• TASK: Extract, exactly as written, each line from the start of the records below to the line containing "# ---- material node trees", both ends included; drop the pictures.

(DATA SECTION)

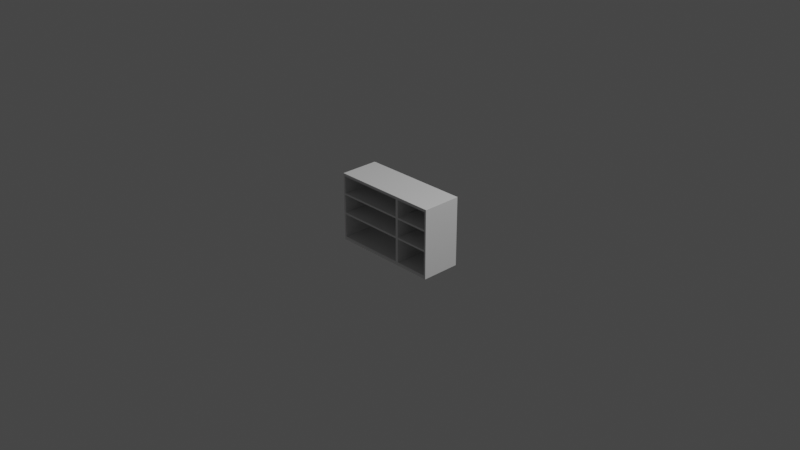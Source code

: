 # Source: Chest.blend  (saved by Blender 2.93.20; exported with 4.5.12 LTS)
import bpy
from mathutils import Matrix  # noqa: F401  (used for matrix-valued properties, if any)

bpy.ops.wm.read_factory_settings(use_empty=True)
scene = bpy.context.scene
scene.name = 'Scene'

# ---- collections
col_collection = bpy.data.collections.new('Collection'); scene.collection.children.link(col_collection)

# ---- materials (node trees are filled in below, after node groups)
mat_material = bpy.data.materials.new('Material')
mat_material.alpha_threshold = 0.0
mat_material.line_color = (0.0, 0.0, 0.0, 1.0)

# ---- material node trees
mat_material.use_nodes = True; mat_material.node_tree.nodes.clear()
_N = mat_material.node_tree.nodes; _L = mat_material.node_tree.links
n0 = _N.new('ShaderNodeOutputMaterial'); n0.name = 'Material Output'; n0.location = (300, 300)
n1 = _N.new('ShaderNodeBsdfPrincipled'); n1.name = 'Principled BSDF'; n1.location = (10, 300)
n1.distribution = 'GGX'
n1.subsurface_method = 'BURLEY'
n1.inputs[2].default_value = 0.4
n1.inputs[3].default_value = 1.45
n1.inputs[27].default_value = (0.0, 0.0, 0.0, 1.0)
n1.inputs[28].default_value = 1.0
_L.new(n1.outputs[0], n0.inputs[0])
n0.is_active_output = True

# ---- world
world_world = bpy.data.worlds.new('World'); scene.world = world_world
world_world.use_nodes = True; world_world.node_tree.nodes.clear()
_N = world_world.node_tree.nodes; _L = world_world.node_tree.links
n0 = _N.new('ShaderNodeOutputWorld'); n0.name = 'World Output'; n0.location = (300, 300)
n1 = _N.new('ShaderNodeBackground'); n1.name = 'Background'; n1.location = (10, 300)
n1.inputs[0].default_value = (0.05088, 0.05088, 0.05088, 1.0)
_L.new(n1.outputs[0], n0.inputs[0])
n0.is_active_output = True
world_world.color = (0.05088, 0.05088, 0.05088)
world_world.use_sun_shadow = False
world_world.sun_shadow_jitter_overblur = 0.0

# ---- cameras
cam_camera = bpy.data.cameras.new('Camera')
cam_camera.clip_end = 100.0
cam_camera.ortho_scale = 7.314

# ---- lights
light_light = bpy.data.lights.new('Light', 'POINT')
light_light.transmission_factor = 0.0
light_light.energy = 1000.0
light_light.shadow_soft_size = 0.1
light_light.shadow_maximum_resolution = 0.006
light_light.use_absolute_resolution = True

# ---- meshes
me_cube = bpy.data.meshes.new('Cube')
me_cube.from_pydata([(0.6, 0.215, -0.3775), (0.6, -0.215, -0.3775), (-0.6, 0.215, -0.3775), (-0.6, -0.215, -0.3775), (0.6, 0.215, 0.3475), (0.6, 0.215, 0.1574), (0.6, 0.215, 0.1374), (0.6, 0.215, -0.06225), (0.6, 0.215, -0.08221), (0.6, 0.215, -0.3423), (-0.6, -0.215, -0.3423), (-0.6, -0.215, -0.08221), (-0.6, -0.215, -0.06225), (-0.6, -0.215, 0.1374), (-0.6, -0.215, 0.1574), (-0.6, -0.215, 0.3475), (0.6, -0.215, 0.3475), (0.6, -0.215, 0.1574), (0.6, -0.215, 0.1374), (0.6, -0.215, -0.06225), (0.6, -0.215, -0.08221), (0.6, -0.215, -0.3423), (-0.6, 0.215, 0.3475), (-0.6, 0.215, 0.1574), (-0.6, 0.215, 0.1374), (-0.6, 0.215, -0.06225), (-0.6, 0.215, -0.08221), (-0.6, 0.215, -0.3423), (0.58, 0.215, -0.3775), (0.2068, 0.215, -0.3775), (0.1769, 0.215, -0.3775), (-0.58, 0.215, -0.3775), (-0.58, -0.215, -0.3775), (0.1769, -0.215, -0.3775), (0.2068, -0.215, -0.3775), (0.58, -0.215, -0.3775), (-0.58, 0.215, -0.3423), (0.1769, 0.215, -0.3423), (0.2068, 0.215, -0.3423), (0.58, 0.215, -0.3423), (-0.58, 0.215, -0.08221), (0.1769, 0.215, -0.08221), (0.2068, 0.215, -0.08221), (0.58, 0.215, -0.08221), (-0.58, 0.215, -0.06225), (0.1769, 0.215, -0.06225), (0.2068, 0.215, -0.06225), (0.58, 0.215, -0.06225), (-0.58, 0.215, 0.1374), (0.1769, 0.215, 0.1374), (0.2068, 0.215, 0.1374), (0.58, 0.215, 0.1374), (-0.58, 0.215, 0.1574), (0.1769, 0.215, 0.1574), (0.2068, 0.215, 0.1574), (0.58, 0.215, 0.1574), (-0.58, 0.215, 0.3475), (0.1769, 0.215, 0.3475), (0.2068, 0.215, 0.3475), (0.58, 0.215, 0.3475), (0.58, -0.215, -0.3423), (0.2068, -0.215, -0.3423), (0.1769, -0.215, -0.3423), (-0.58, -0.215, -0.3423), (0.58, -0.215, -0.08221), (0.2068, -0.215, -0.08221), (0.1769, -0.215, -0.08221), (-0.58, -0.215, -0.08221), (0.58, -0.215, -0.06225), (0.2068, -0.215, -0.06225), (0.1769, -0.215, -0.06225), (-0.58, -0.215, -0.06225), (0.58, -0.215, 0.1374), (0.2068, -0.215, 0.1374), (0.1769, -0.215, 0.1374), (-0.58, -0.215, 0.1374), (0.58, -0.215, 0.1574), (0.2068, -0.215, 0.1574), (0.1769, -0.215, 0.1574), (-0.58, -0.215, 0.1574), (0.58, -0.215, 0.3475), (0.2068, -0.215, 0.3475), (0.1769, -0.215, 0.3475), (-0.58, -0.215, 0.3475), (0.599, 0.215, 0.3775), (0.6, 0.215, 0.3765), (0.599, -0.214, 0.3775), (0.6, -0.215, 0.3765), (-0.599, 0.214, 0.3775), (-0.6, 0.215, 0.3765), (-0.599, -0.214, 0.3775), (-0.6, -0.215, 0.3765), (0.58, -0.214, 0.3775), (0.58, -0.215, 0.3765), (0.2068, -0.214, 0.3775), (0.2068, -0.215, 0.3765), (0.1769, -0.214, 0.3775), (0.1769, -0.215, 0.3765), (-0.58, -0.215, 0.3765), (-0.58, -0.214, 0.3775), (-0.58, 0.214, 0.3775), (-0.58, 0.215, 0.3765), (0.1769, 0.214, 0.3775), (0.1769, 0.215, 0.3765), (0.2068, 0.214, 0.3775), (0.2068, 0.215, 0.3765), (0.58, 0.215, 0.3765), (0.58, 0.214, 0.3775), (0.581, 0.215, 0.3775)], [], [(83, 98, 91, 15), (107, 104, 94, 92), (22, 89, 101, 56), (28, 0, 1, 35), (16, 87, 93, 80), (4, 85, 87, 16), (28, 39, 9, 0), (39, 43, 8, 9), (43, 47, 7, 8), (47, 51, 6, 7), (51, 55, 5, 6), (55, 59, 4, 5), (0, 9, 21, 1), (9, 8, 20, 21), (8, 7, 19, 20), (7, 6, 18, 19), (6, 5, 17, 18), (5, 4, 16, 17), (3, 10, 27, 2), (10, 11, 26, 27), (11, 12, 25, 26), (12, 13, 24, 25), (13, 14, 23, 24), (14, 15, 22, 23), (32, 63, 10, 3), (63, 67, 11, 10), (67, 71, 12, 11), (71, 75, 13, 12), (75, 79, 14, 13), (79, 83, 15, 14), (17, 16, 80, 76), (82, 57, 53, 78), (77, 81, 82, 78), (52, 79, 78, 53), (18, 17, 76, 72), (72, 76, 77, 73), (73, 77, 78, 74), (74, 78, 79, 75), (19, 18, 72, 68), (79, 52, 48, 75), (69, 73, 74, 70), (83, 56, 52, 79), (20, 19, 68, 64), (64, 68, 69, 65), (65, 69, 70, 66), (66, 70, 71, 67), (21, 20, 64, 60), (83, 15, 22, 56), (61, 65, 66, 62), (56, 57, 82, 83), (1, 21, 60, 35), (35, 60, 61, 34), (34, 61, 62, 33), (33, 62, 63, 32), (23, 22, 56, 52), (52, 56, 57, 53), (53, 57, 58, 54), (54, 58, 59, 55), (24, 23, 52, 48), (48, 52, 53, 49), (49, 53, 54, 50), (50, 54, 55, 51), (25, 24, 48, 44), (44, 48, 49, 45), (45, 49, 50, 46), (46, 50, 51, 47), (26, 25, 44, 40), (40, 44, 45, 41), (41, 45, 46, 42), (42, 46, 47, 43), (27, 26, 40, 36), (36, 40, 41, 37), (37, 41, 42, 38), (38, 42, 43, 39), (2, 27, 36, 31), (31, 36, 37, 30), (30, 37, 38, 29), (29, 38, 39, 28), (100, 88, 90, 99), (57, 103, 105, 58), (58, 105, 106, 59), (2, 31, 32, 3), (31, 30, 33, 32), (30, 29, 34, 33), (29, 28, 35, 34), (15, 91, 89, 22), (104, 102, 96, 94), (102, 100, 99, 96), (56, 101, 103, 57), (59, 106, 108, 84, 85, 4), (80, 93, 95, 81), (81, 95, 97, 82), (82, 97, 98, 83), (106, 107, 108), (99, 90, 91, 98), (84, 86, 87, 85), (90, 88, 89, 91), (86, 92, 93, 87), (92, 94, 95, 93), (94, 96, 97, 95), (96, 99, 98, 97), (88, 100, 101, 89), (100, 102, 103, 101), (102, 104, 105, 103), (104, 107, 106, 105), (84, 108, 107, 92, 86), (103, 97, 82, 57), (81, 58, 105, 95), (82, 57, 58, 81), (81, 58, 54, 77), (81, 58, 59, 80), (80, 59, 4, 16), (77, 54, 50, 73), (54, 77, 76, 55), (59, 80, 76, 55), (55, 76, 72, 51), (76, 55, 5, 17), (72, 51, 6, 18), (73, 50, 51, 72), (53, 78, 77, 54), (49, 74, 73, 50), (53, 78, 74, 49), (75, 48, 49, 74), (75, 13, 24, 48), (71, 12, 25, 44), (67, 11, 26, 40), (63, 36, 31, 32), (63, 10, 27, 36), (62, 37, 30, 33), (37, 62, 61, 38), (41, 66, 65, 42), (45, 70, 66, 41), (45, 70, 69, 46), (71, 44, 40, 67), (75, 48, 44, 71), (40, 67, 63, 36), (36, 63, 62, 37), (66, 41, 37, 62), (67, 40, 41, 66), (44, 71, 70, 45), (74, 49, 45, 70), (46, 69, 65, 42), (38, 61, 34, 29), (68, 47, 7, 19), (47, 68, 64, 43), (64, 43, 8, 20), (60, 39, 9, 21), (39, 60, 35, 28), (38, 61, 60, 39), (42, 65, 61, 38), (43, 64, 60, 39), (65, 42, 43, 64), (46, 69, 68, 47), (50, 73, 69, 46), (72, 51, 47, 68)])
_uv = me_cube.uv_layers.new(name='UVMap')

(End DATA SECTION)

• ANSWER SECTION:
Source code

: # Source: Chest.blend  (saved by Blender 2.93.20; exported with 4.5.12 LTS)
import bpy
from mathutils import Matrix  # noqa: F401  (used for matrix-valued properties, if any)

bpy.ops.wm.read_factory_settings(use_empty=True)
scene = bpy.context.scene
scene.name = 'Scene'

# ---- collections
col_collection = bpy.data.collections.new('Collection'); scene.collection.children.link(col_collection)

# ---- materials (node trees are filled in below, after node groups)
mat_material = bpy.data.materials.new('Material')
mat_material.alpha_threshold = 0.0
mat_material.line_color = (0.0, 0.0, 0.0, 1.0)

# ---- material node trees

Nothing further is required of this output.